# Hunting Camera Pics



## KMKjr (Jan 9, 2009)

Post 'em here!!!


----------



## KMKjr (Jan 9, 2009)

No big fella's yet but some bunnies and raccons in the mix. 

(larger images) http://cid-ef0025ea88c2aae6.skydrive.live.com/play.aspx/Deer Camera Pics?ref=1


----------



## bayou_boy_22 (Mar 13, 2009)

here is a few from our lease in alabama.


----------



## bayou_boy_22 (Mar 13, 2009)

here is a few more.


----------



## Polaris425 (Dec 16, 2004)

bayou_boy_22 said:


> here is a few from our lease in alabama.


you know.... I live in alabama  haha.. :bigok:


----------



## KMKjr (Jan 9, 2009)

Here is the one I'm waiting for (last years pics and ignore the times, the ol'd man shouldn't touch anything electronic)





and a we had a bobcat coming too!!


----------



## 650Brute (Dec 18, 2008)

Good pics guys..


----------



## MUDDIE49 (Aug 30, 2009)

great pictures fellers!!!!MUDDIE49


----------



## browland (Apr 4, 2009)

quality sux, i took a picture with my cell , of the pictures off the camera.


----------



## browland (Apr 4, 2009)

the last ones a joke, its not off my land or camera. Just thought that would get some good responses. Ill bring the memory cards to work and post better quality pics.


----------



## Polaris425 (Dec 16, 2004)

^ haha.. I was like, ****, im hunting in TN w/ you this year.


----------



## KMKjr (Jan 9, 2009)

browland said:


> the last ones a joke, its not off my land or camera. Just thought that would get some good responses. Ill bring the memory cards to work and post better quality pics.

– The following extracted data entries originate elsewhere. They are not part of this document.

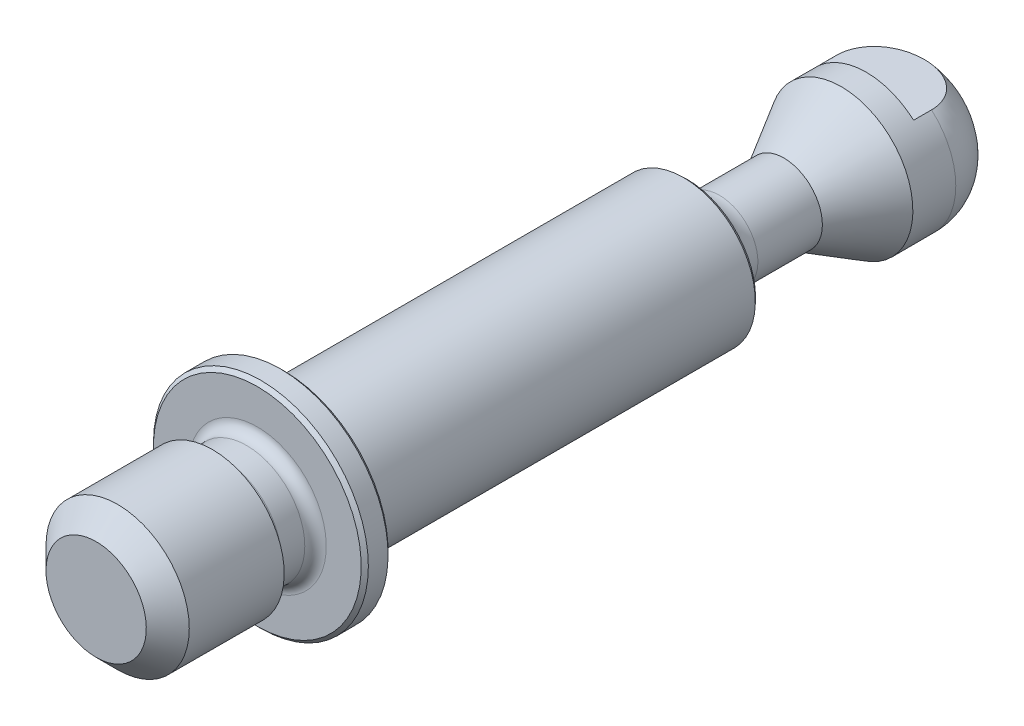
ISO-10303-21;
HEADER;
FILE_DESCRIPTION(('STEP AP214'),'2;1');
FILE_NAME('part.step','',(''),(''),'','','');
FILE_SCHEMA(('AUTOMOTIVE_DESIGN { 1 0 10303 214 1 1 1 1 }'));
ENDSEC;
DATA;
#1=APPLICATION_CONTEXT('core data for automotive mechanical design processes');
#2=APPLICATION_PROTOCOL_DEFINITION('international standard','automotive_design',2000,#1);
#3=PRODUCT_CONTEXT('',#1,'mechanical');
#4=PRODUCT('Part','Part','',(#3));
#5=PRODUCT_RELATED_PRODUCT_CATEGORY('part','',(#4));
#6=PRODUCT_DEFINITION_FORMATION('','',#4);
#7=PRODUCT_DEFINITION_CONTEXT('part definition',#1,'design');
#8=PRODUCT_DEFINITION('design','',#6,#7);
#9=PRODUCT_DEFINITION_SHAPE('','',#8);
#10=(LENGTH_UNIT() NAMED_UNIT(*) SI_UNIT(.MILLI.,.METRE.));
#11=(NAMED_UNIT(*) PLANE_ANGLE_UNIT() SI_UNIT($,.RADIAN.));
#12=(NAMED_UNIT(*) SI_UNIT($,.STERADIAN.) SOLID_ANGLE_UNIT());
#13=UNCERTAINTY_MEASURE_WITH_UNIT(LENGTH_MEASURE(1.E-05),#10,'distance_accuracy_value','');
#14=(GEOMETRIC_REPRESENTATION_CONTEXT(3) GLOBAL_UNCERTAINTY_ASSIGNED_CONTEXT((#13)) GLOBAL_UNIT_ASSIGNED_CONTEXT((#10,
#11,#12)) REPRESENTATION_CONTEXT('',''));
#15=CARTESIAN_POINT('',(0.,0.,0.));
#16=DIRECTION('',(0.,0.,1.));
#17=DIRECTION('',(1.,0.,0.));
#18=AXIS2_PLACEMENT_3D('',#15,#16,#17);
#19=CARTESIAN_POINT('',(0.,0.,0.));
#20=DIRECTION('',(0.,0.,1.));
#21=DIRECTION('',(0.,1.,0.));
#22=AXIS2_PLACEMENT_3D('',#19,#20,#21);
#23=CYLINDRICAL_SURFACE('',#22,6.);
#24=CARTESIAN_POINT('',(0.,0.,-0.2));
#25=DIRECTION('',(0.,0.,-1.));
#26=DIRECTION('',(0.,-1.,0.));
#27=AXIS2_PLACEMENT_3D('',#24,#25,#26);
#28=CIRCLE('',#27,6.);
#29=CARTESIAN_POINT('',(0.,-6.,-0.2));
#30=VERTEX_POINT('',#29);
#31=EDGE_CURVE('E228',#30,#30,#28,.T.);
#32=ORIENTED_EDGE('',*,*,#31,.T.);
#33=EDGE_LOOP('',(#32));
#34=FACE_BOUND('',#33,.T.);
#35=CARTESIAN_POINT('',(0.,0.,-1.3));
#36=DIRECTION('',(0.,0.,1.));
#37=DIRECTION('',(0.,1.,0.));
#38=AXIS2_PLACEMENT_3D('',#35,#36,#37);
#39=CIRCLE('',#38,6.);
#40=CARTESIAN_POINT('',(0.,6.,-1.3));
#41=VERTEX_POINT('',#40);
#42=EDGE_CURVE('E233',#41,#41,#39,.T.);
#43=ORIENTED_EDGE('',*,*,#42,.T.);
#44=EDGE_LOOP('',(#43));
#45=FACE_BOUND('',#44,.T.);
#46=ADVANCED_FACE('F15',(#34,#45),#23,.T.);
#47=CARTESIAN_POINT('',(-6.,0.,-1.5));
#48=DIRECTION('',(0.,0.,1.));
#49=DIRECTION('',(0.,1.,0.));
#50=AXIS2_PLACEMENT_3D('',#47,#48,#49);
#51=PLANE('',#50);
#52=CARTESIAN_POINT('',(0.,0.,-1.5));
#53=DIRECTION('',(0.,0.,1.));
#54=DIRECTION('',(0.,1.,0.));
#55=AXIS2_PLACEMENT_3D('',#52,#53,#54);
#56=CIRCLE('',#55,5.8);
#57=CARTESIAN_POINT('',(0.,5.8,-1.5));
#58=VERTEX_POINT('',#57);
#59=EDGE_CURVE('E226',#58,#58,#56,.F.);
#60=ORIENTED_EDGE('',*,*,#59,.T.);
#61=EDGE_LOOP('',(#60));
#62=FACE_BOUND('',#61,.T.);
#63=CARTESIAN_POINT('',(0.,0.,-1.5));
#64=DIRECTION('',(0.,0.,1.));
#65=DIRECTION('',(0.,1.,0.));
#66=AXIS2_PLACEMENT_3D('',#63,#64,#65);
#67=CIRCLE('',#66,4.4);
#68=CARTESIAN_POINT('',(0.,4.4,-1.5));
#69=VERTEX_POINT('',#68);
#70=EDGE_CURVE('E111',#69,#69,#67,.T.);
#71=ORIENTED_EDGE('',*,*,#70,.T.);
#72=EDGE_LOOP('',(#71));
#73=FACE_BOUND('',#72,.T.);
#74=ADVANCED_FACE('F183',(#62,#73),#51,.F.);
#75=CARTESIAN_POINT('',(0.,0.,0.));
#76=DIRECTION('',(0.,0.,1.));
#77=DIRECTION('',(0.,1.,0.));
#78=AXIS2_PLACEMENT_3D('',#75,#76,#77);
#79=CYLINDRICAL_SURFACE('',#78,4.);
#80=CARTESIAN_POINT('',(0.,0.,-23.8056329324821));
#81=DIRECTION('',(0.,0.,1.));
#82=DIRECTION('',(0.,1.,0.));
#83=AXIS2_PLACEMENT_3D('',#80,#81,#82);
#84=CIRCLE('',#83,4.);
#85=CARTESIAN_POINT('',(0.,4.,-23.8056329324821));
#86=VERTEX_POINT('',#85);
#87=EDGE_CURVE('E23',#86,#86,#84,.T.);
#88=ORIENTED_EDGE('',*,*,#87,.T.);
#89=EDGE_LOOP('',(#88));
#90=FACE_BOUND('',#89,.T.);
#91=CARTESIAN_POINT('',(0.,0.,-1.9));
#92=DIRECTION('',(0.,0.,1.));
#93=DIRECTION('',(0.,1.,0.));
#94=AXIS2_PLACEMENT_3D('',#91,#92,#93);
#95=CIRCLE('',#94,4.);
#96=CARTESIAN_POINT('',(0.,4.,-1.9));
#97=VERTEX_POINT('',#96);
#98=EDGE_CURVE('E114',#97,#97,#95,.F.);
#99=ORIENTED_EDGE('',*,*,#98,.T.);
#100=EDGE_LOOP('',(#99));
#101=FACE_BOUND('',#100,.T.);
#102=ADVANCED_FACE('F179',(#90,#101),#79,.T.);
#103=CARTESIAN_POINT('',(0.,0.,0.));
#104=DIRECTION('',(0.,0.,1.));
#105=DIRECTION('',(0.,1.,0.));
#106=AXIS2_PLACEMENT_3D('',#103,#104,#105);
#107=CYLINDRICAL_SURFACE('',#106,2.15);
#108=CARTESIAN_POINT('',(0.,0.,-25.8));
#109=DIRECTION('',(0.,0.,1.));
#110=DIRECTION('',(0.,1.,0.));
#111=AXIS2_PLACEMENT_3D('',#108,#109,#110);
#112=CIRCLE('',#111,2.15);
#113=CARTESIAN_POINT('',(0.,2.15,-25.8));
#114=VERTEX_POINT('',#113);
#115=EDGE_CURVE('E117',#114,#114,#112,.F.);
#116=ORIENTED_EDGE('',*,*,#115,.T.);
#117=EDGE_LOOP('',(#116));
#118=FACE_BOUND('',#117,.T.);
#119=CARTESIAN_POINT('',(0.,0.,-29.4));
#120=DIRECTION('',(0.,0.,1.));
#121=DIRECTION('',(0.,1.,0.));
#122=AXIS2_PLACEMENT_3D('',#119,#120,#121);
#123=CIRCLE('',#122,2.15);
#124=CARTESIAN_POINT('',(0.,2.15,-29.4));
#125=VERTEX_POINT('',#124);
#126=EDGE_CURVE('E90',#125,#125,#123,.T.);
#127=ORIENTED_EDGE('',*,*,#126,.T.);
#128=EDGE_LOOP('',(#127));
#129=FACE_BOUND('',#128,.T.);
#130=ADVANCED_FACE('F175',(#118,#129),#107,.T.);
#131=CARTESIAN_POINT('',(0.,0.,-32.6042939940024));
#132=DIRECTION('',(0.,0.,-1.));
#133=DIRECTION('',(0.,-1.,0.));
#134=AXIS2_PLACEMENT_3D('',#131,#132,#133);
#135=CONICAL_SURFACE('',#134,4.,0.523598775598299);
#136=ORIENTED_EDGE('',*,*,#126,.F.);
#137=EDGE_LOOP('',(#136));
#138=FACE_BOUND('',#137,.T.);
#139=CARTESIAN_POINT('',(0.,0.,-32.6042939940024));
#140=DIRECTION('',(0.,0.,1.));
#141=DIRECTION('',(0.,1.,0.));
#142=AXIS2_PLACEMENT_3D('',#139,#140,#141);
#143=CIRCLE('',#142,4.);
#144=CARTESIAN_POINT('',(0.,4.,-32.6042939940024));
#145=VERTEX_POINT('',#144);
#146=EDGE_CURVE('E87',#145,#145,#143,.T.);
#147=ORIENTED_EDGE('',*,*,#146,.T.);
#148=EDGE_LOOP('',(#147));
#149=FACE_BOUND('',#148,.T.);
#150=ADVANCED_FACE('F172',(#138,#149),#135,.T.);
#151=CARTESIAN_POINT('',(0.,0.,0.));
#152=DIRECTION('',(0.,0.,1.));
#153=DIRECTION('',(0.,1.,0.));
#154=AXIS2_PLACEMENT_3D('',#151,#152,#153);
#155=CYLINDRICAL_SURFACE('',#154,4.);
#156=CARTESIAN_POINT('',(0.,0.,-35.));
#157=DIRECTION('',(0.,0.,1.));
#158=DIRECTION('',(0.,1.,0.));
#159=AXIS2_PLACEMENT_3D('',#156,#157,#158);
#160=CIRCLE('',#159,4.);
#161=CARTESIAN_POINT('',(-2.6457513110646,3.,-35.));
#162=VERTEX_POINT('',#161);
#163=CARTESIAN_POINT('',(-2.6457513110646,-3.,-35.));
#164=VERTEX_POINT('',#163);
#165=EDGE_CURVE('E73',#162,#164,#160,.T.);
#166=ORIENTED_EDGE('',*,*,#165,.T.);
#167=DIRECTION('',(0.,0.,1.));
#168=VECTOR('',#167,1.);
#169=CARTESIAN_POINT('',(-2.6457513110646,-3.,0.));
#170=LINE('',#169,#168);
#171=CARTESIAN_POINT('',(-2.6457513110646,-3.,-34.));
#172=VERTEX_POINT('',#171);
#173=EDGE_CURVE('E30',#164,#172,#170,.T.);
#174=ORIENTED_EDGE('',*,*,#173,.T.);
#175=CARTESIAN_POINT('',(0.,0.,-34.));
#176=DIRECTION('',(0.,0.,-1.));
#177=DIRECTION('',(0.,-1.,0.));
#178=AXIS2_PLACEMENT_3D('',#175,#176,#177);
#179=CIRCLE('',#178,4.);
#180=CARTESIAN_POINT('',(2.6457513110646,-3.,-34.));
#181=VERTEX_POINT('',#180);
#182=EDGE_CURVE('E59',#181,#172,#179,.T.);
#183=ORIENTED_EDGE('',*,*,#182,.F.);
#184=DIRECTION('',(0.,0.,1.));
#185=VECTOR('',#184,1.);
#186=CARTESIAN_POINT('',(2.6457513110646,-3.,0.));
#187=LINE('',#186,#185);
#188=CARTESIAN_POINT('',(2.6457513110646,-3.,-35.));
#189=VERTEX_POINT('',#188);
#190=EDGE_CURVE('E66',#181,#189,#187,.F.);
#191=ORIENTED_EDGE('',*,*,#190,.T.);
#192=CARTESIAN_POINT('',(2.6457513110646,3.,-35.));
#193=VERTEX_POINT('',#192);
#194=EDGE_CURVE('E38',#189,#193,#160,.T.);
#195=ORIENTED_EDGE('',*,*,#194,.T.);
#196=DIRECTION('',(0.,0.,1.));
#197=VECTOR('',#196,1.);
#198=CARTESIAN_POINT('',(2.6457513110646,3.,0.));
#199=LINE('',#198,#197);
#200=CARTESIAN_POINT('',(2.6457513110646,3.,-34.));
#201=VERTEX_POINT('',#200);
#202=EDGE_CURVE('E82',#193,#201,#199,.T.);
#203=ORIENTED_EDGE('',*,*,#202,.T.);
#204=CARTESIAN_POINT('',(0.,0.,-34.));
#205=DIRECTION('',(0.,0.,-1.));
#206=DIRECTION('',(0.,-1.,0.));
#207=AXIS2_PLACEMENT_3D('',#204,#205,#206);
#208=CIRCLE('',#207,4.);
#209=CARTESIAN_POINT('',(-2.6457513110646,3.,-34.));
#210=VERTEX_POINT('',#209);
#211=EDGE_CURVE('E131',#210,#201,#208,.T.);
#212=ORIENTED_EDGE('',*,*,#211,.F.);
#213=DIRECTION('',(0.,0.,1.));
#214=VECTOR('',#213,1.);
#215=CARTESIAN_POINT('',(-2.6457513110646,3.,0.));
#216=LINE('',#215,#214);
#217=EDGE_CURVE('E77',#210,#162,#216,.F.);
#218=ORIENTED_EDGE('',*,*,#217,.T.);
#219=EDGE_LOOP('',(#166,#174,#183,#191,#195,#203,#212,#218));
#220=FACE_BOUND('',#219,.T.);
#221=ORIENTED_EDGE('',*,*,#146,.F.);
#222=EDGE_LOOP('',(#221));
#223=FACE_BOUND('',#222,.T.);
#224=ADVANCED_FACE('F69',(#220,#223),#155,.T.);
#225=CARTESIAN_POINT('',(0.,0.,-38.));
#226=DIRECTION('',(0.,0.,1.));
#227=DIRECTION('',(0.,1.,0.));
#228=AXIS2_PLACEMENT_3D('',#225,#226,#227);
#229=PLANE('',#228);
#230=CARTESIAN_POINT('',(0.,0.,-38.));
#231=DIRECTION('',(0.,0.,1.));
#232=DIRECTION('',(0.,1.,0.));
#233=AXIS2_PLACEMENT_3D('',#230,#231,#232);
#234=CIRCLE('',#233,1.);
#235=CARTESIAN_POINT('',(0.,1.,-38.));
#236=VERTEX_POINT('',#235);
#237=EDGE_CURVE('E121',#236,#236,#234,.F.);
#238=ORIENTED_EDGE('',*,*,#237,.T.);
#239=EDGE_LOOP('',(#238));
#240=FACE_BOUND('',#239,.T.);
#241=ADVANCED_FACE('F165',(#240),#229,.F.);
#242=CARTESIAN_POINT('',(-4.,0.,9.));
#243=DIRECTION('',(0.,0.,-1.));
#244=DIRECTION('',(0.,-1.,0.));
#245=AXIS2_PLACEMENT_3D('',#242,#243,#244);
#246=PLANE('',#245);
#247=CARTESIAN_POINT('',(0.,0.,9.));
#248=DIRECTION('',(0.,0.,-1.));
#249=DIRECTION('',(0.,-1.,0.));
#250=AXIS2_PLACEMENT_3D('',#247,#248,#249);
#251=CIRCLE('',#250,2.8);
#252=CARTESIAN_POINT('',(0.,-2.8,9.));
#253=VERTEX_POINT('',#252);
#254=EDGE_CURVE('E93',#253,#253,#251,.F.);
#255=ORIENTED_EDGE('',*,*,#254,.T.);
#256=EDGE_LOOP('',(#255));
#257=FACE_BOUND('',#256,.T.);
#258=ADVANCED_FACE('F161',(#257),#246,.F.);
#259=CARTESIAN_POINT('',(0.,0.,0.));
#260=DIRECTION('',(0.,0.,1.));
#261=DIRECTION('',(0.,1.,0.));
#262=AXIS2_PLACEMENT_3D('',#259,#260,#261);
#263=CYLINDRICAL_SURFACE('',#262,4.);
#264=CARTESIAN_POINT('',(0.,0.,7.8));
#265=DIRECTION('',(0.,0.,-1.));
#266=DIRECTION('',(0.,-1.,0.));
#267=AXIS2_PLACEMENT_3D('',#264,#265,#266);
#268=CIRCLE('',#267,4.);
#269=CARTESIAN_POINT('',(0.,-4.,7.8));
#270=VERTEX_POINT('',#269);
#271=EDGE_CURVE('E96',#270,#270,#268,.T.);
#272=ORIENTED_EDGE('',*,*,#271,.T.);
#273=EDGE_LOOP('',(#272));
#274=FACE_BOUND('',#273,.T.);
#275=CARTESIAN_POINT('',(0.,0.,2.5));
#276=DIRECTION('',(0.,0.,1.));
#277=DIRECTION('',(0.,1.,0.));
#278=AXIS2_PLACEMENT_3D('',#275,#276,#277);
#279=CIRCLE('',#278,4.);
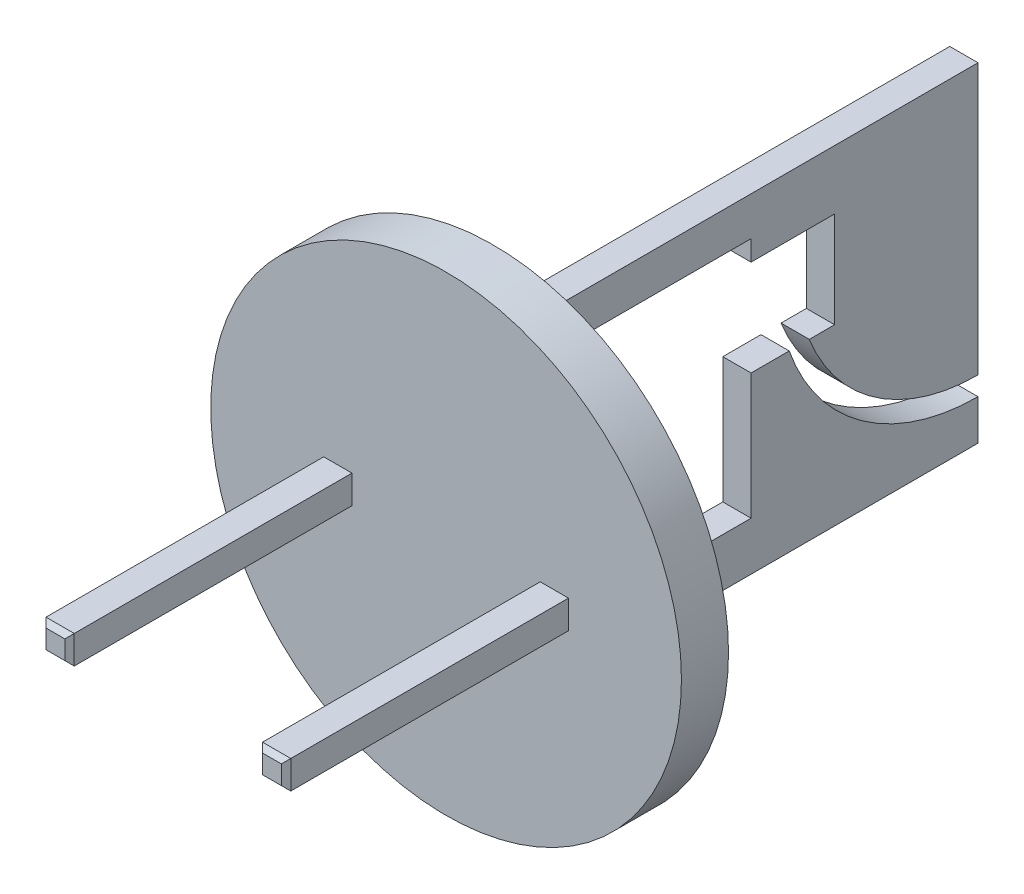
from build123d import *

# Parameters (mm, degrees)
ESQUISSE2_R             = 2.5
EXTRUSION1_DEPTH        = 0.5
ESQUISSE3_W             = 0.3
ESQUISSE3_H             = 3.5
EXTRUSION2_DEPTH        = 5
ENL_V_MAT_EXTRU_2_DEPTH = 7.597158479
ESQUISSE5_W             = 0.3
ESQUISSE5_H             = 0.3
EXTRUSION3_DEPTH        = 3
CHANFREIN1_SIZE         = 0.05


with BuildPart() as part:
    # Esquisse2 → Extrusion1 (new body)
    with BuildSketch(Plane.XY):
        Circle(ESQUISSE2_R)
    extrude(amount=-EXTRUSION1_DEPTH)

    # Esquisse3 → Extrusion2 (add)
    with BuildSketch(Plane(origin=(0, 0, -0.5), x_dir=(-1, 0, 0), z_dir=(0, 0, -1))):
        Rectangle(ESQUISSE3_W, ESQUISSE3_H)
    extrude(amount=EXTRUSION2_DEPTH)

    # Esquisse4 → Enl_v. mat.-Extru.2 (cut, through all)
    with BuildSketch(Plane(origin=(0.15, 0, 0), x_dir=(0, 0, -1), z_dir=(1, 0, 0))):
        with BuildLine():
            Line((3.707972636, 0.101539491), (3.976907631, 0.101539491))
            Line((3.976907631, 0.101539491), (3.976907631, 1.1208166))
            Line((3.976907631, 1.1208166), (3.08935743, 1.1208166))
            Line((3.08935743, 1.1208166), (3.08935743, 1.337014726))
            Line((3.08935743, 1.337014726), (0.5, 1.337014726))
            Line((0.5, 1.337014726), (0.5, -1.234605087))
            Line((0.5, -1.234605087), (3.08935743, -1.234605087))
            Line((3.08935743, -1.234605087), (3.08935743, 0.101539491))
            Line((3.08935743, 0.101539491), (3.494752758, 0.101539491))
            ThreePointArc((3.494752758, 0.101539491), (4.270439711, -0.929881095), (5.5, -1.321927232))
            Line((5.5, -1.321927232), (5.5, -1.121927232))
            ThreePointArc((5.5, -1.121927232), (4.415076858, -0.786891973), (3.707972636, 0.101539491))
        make_face()
    extrude(amount=-ENL_V_MAT_EXTRU_2_DEPTH, mode=Mode.SUBTRACT)

    # Esquisse5 → Extrusion3 (add)
    with BuildSketch(Plane.XY):
        with Locations((-1.15, 0)):
            Rectangle(ESQUISSE5_W, ESQUISSE5_H)
        with Locations((1.15, 0)):
            Rectangle(ESQUISSE5_W, ESQUISSE5_H)
    extrude(amount=EXTRUSION3_DEPTH)

    # Chanfrein1
    chanfrein1_edges = [part.edges().sort_by_distance(p)[0] for p in [
        (-1.3, 0, 3),
        (-1.15, -0.15, 3),
        (-1, 0, 3),
        (-1.15, 0.15, 3),
        (1.15, 0.15, 3),
        (1, 0, 3),
        (1.15, -0.15, 3),
        (1.3, 0, 3),
    ]]
    chamfer(chanfrein1_edges, length=CHANFREIN1_SIZE)


solid = part.part

I think I'd sh*t my pants if that came out!!


----------



## bayou_boy_22 (Mar 13, 2009)

Polaris425 said:


> you know.... I live in alabama  haha.. :bigok:


our hunting camp is just off of I65 in Owassa. you cant miss the camp it has big azz LSU and Saints flags flying. the people around us look at us like we are stupid but they know whats up.


----------



## IBBruin (Feb 10, 2009)

Here ya go.


----------



## BigIzzy (May 24, 2009)

saw that pic in an email the other day there bruin, if that monster is real it would be a nice trophy, but tuff eatin


----------



## IBBruin (Feb 10, 2009)

It's amazing how fast that stuff gets around the internet. I took that with my trail cam about a week and a half ago. Ever heard of the Mississippi Moose? Yea yea, that's it, the Mississippi Moose.


----------



## KMKjr (Jan 9, 2009)

Almost looks photo shopped!!!

That beast is huge, I've seen many, but not sure if ever that big.


----------



## walker (Apr 5, 2009)

yea when i worked in alaska the last time it was 2 weeks friom moose season a guy i was workin with was a guide forever and we scouted seen a 55" and a 60" bull .. i was very impressed ... then a few days from the opener i was shipped back to texas i was pissed.lol


----------



## KMKjr (Jan 9, 2009)




----------



## Yesterday (Jan 2, 2009)

man i'd love to kill a bear like that. i want a bear hide tanned for my house bad


----------



## browland (Apr 4, 2009)

Now I think id #*$& myself if I saw that come across where I hunt. I have seen 3 little bears at my property near Jackson Miss . Im not real sure what they are, the people that have lived and grown up there call them honey bears. WTF? Im not chancing shooting one , but I do get nervous sometimes walking to some of the stands that they were last seen around.


----------



## KMKjr (Jan 9, 2009)

Nothing to be afraid of, they are more scared of you than you are of them. One little noise and they normally bolt out of there like they are fire.


----------



## KMKjr (Jan 9, 2009)

From a friends camera the day after the season ended


----------



## Big D (Jun 23, 2009)

KMKjr said:


> Nothing to be afraid of, they are more scared of you than you are of them. One little noise and they normally bolt out of there like they are fire.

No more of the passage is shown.